Write out each line of the records that has "dxfattribs" in it.
[Stored data — start]
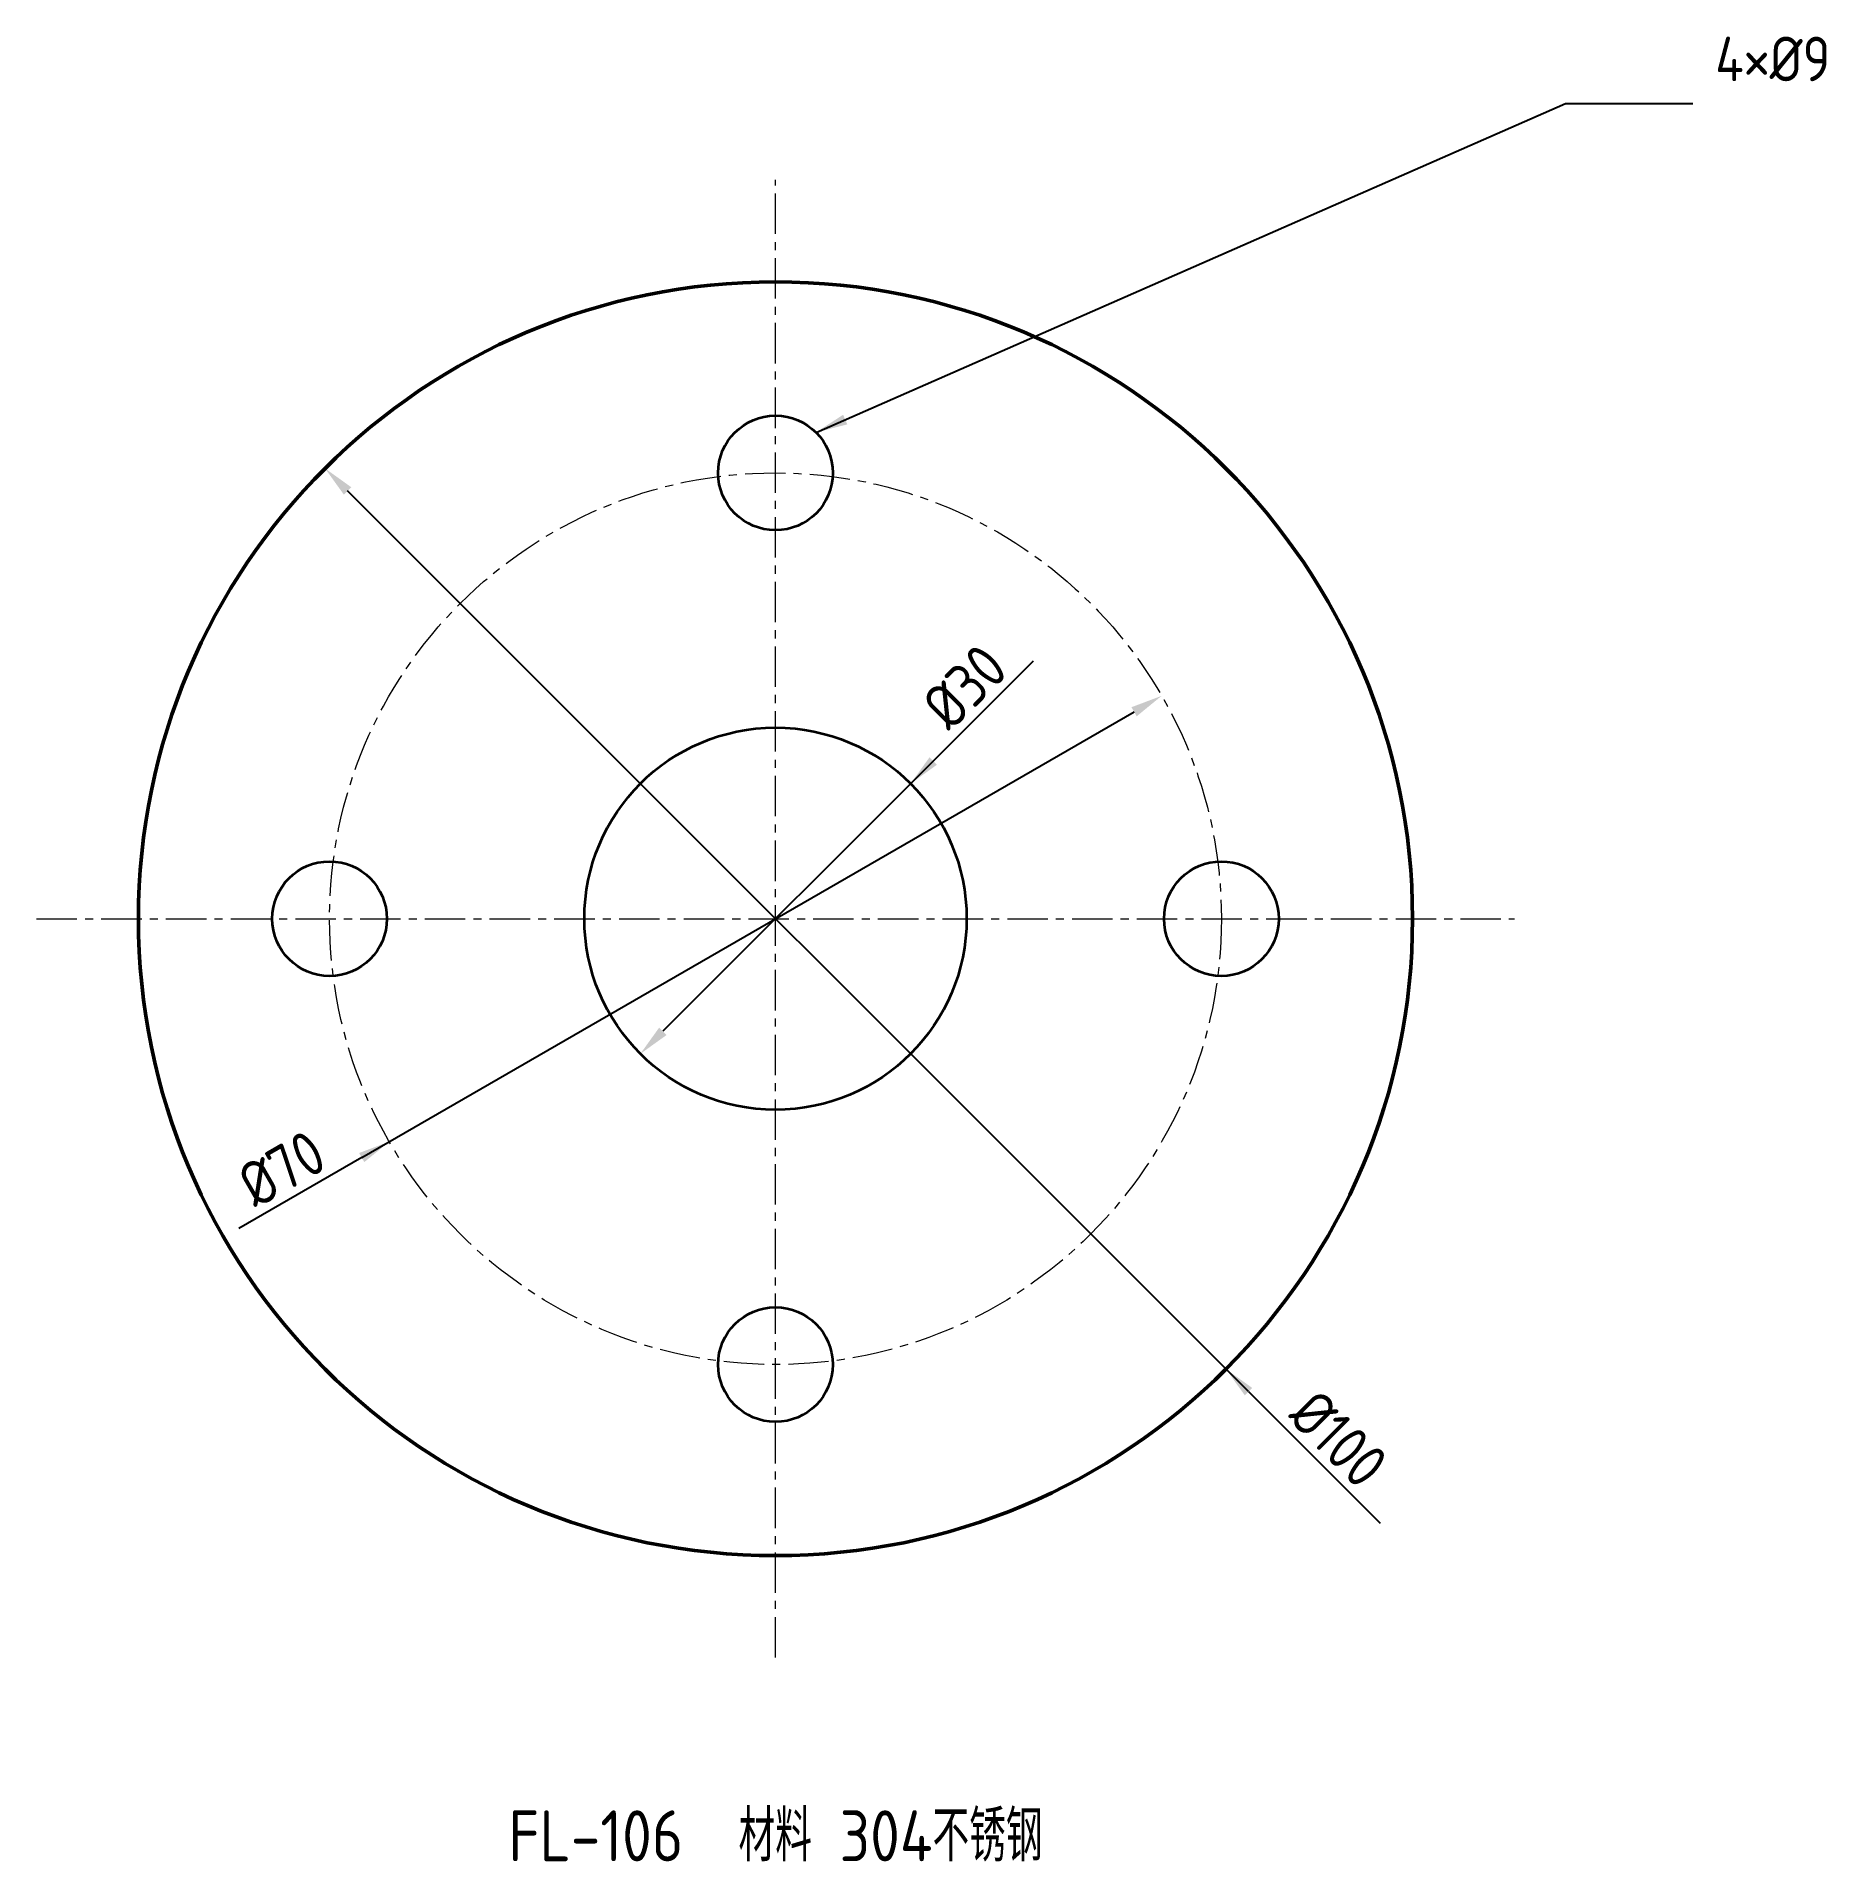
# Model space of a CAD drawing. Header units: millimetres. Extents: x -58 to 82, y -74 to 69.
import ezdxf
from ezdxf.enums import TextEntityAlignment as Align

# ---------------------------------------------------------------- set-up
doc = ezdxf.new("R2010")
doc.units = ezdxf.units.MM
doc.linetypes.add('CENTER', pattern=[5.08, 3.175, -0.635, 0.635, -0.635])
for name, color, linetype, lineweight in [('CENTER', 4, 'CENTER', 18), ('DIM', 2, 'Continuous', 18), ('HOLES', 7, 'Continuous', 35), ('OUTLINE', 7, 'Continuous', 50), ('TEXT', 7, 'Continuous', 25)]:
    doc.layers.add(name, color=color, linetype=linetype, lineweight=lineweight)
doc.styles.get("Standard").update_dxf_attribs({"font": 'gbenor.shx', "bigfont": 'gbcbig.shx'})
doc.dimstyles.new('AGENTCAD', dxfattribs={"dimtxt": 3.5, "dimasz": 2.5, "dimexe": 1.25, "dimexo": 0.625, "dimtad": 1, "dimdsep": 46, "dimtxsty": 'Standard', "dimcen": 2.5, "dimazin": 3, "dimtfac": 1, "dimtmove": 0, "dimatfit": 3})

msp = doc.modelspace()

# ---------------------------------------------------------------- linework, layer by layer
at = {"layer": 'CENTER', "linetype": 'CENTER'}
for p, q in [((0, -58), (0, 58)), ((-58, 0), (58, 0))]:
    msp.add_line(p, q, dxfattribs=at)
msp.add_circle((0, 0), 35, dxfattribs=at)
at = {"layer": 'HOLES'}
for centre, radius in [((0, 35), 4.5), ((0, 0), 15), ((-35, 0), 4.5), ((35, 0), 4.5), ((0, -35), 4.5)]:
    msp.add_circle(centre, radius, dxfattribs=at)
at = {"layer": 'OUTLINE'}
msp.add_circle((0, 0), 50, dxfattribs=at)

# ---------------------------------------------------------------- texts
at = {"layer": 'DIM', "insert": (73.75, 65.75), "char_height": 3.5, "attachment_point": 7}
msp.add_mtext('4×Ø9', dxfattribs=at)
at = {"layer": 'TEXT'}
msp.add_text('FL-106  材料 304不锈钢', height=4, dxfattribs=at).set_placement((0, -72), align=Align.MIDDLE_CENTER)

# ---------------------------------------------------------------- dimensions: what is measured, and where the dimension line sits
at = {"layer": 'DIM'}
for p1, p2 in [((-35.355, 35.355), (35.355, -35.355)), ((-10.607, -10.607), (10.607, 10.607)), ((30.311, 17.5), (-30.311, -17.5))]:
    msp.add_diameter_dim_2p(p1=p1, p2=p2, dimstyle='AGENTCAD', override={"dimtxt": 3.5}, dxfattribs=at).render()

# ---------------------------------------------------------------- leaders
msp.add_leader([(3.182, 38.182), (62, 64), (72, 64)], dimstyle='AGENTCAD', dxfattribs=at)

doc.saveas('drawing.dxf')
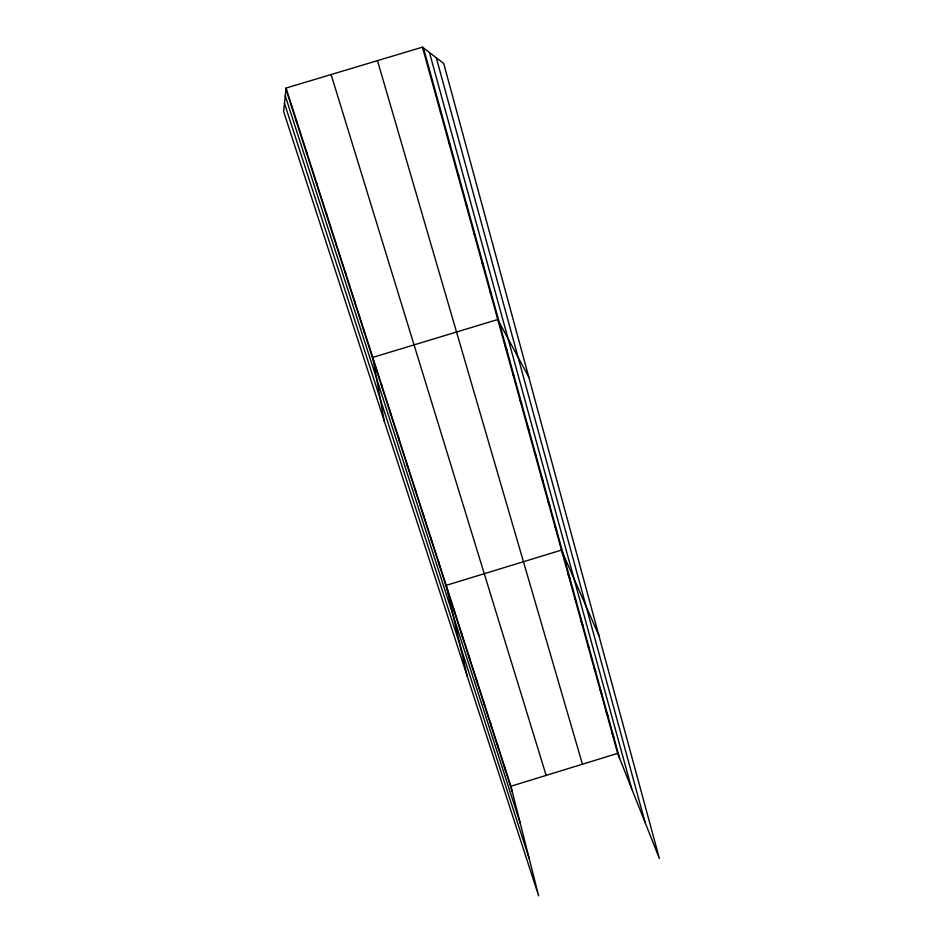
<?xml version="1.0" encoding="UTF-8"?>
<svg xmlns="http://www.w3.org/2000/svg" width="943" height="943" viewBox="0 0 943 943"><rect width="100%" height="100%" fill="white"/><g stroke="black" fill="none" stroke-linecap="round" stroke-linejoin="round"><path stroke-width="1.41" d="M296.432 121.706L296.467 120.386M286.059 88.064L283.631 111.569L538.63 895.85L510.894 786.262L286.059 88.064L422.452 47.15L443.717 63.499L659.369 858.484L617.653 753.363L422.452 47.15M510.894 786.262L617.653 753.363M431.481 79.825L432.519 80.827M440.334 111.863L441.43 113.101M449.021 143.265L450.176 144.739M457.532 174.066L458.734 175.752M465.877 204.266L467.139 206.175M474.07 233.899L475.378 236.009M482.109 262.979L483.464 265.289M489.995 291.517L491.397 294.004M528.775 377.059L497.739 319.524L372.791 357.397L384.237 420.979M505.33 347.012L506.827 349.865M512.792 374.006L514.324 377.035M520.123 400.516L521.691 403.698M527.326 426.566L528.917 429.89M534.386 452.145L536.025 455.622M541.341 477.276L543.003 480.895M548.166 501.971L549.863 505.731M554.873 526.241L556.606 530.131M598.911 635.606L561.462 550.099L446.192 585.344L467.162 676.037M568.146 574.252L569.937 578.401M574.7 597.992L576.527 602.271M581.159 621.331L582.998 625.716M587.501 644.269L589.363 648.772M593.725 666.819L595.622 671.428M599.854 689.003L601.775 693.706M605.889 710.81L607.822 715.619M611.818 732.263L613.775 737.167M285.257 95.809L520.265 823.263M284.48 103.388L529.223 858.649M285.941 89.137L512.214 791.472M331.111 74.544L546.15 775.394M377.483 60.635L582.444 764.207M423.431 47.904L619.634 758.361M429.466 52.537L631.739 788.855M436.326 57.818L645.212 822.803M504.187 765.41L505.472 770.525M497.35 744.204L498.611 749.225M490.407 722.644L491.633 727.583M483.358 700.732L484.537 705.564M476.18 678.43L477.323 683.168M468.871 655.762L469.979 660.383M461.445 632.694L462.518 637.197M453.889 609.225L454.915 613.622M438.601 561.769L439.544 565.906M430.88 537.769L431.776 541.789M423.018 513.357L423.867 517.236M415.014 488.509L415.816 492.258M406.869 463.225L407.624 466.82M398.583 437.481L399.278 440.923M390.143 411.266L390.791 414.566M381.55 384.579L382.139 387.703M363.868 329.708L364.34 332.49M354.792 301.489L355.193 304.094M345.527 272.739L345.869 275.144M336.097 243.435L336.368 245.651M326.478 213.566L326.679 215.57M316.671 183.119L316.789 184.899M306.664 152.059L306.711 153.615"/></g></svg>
[Stored data — finish]
#### [Answer to this task]
doc.dimstyles.new('AGENTCAD', dxfattribs={"dimtxt": 3.5, "dimasz": 2.5, "dimexe": 1.25, "dimexo": 0.625, "dimtad": 1, "dimdsep": 46, "dimtxsty": 'Standard', "dimcen": 2.5, "dimazin": 3, "dimtfac": 1, "dimtmove": 0, "dimatfit": 3})
    msp.add_line(p, q, dxfattribs=at)
msp.add_circle((0, 0), 35, dxfattribs=at)
    msp.add_circle(centre, radius, dxfattribs=at)
msp.add_circle((0, 0), 50, dxfattribs=at)
msp.add_mtext('4×Ø9', dxfattribs=at)
msp.add_text('FL-106  材料 304不锈钢', height=4, dxfattribs=at).set_placement((0, -72), align=Align.MIDDLE_CENTER)
    msp.add_diameter_dim_2p(p1=p1, p2=p2, dimstyle='AGENTCAD', override={"dimtxt": 3.5}, dxfattribs=at).render()
msp.add_leader([(3.182, 38.182), (62, 64), (72, 64)], dimstyle='AGENTCAD', dxfattribs=at)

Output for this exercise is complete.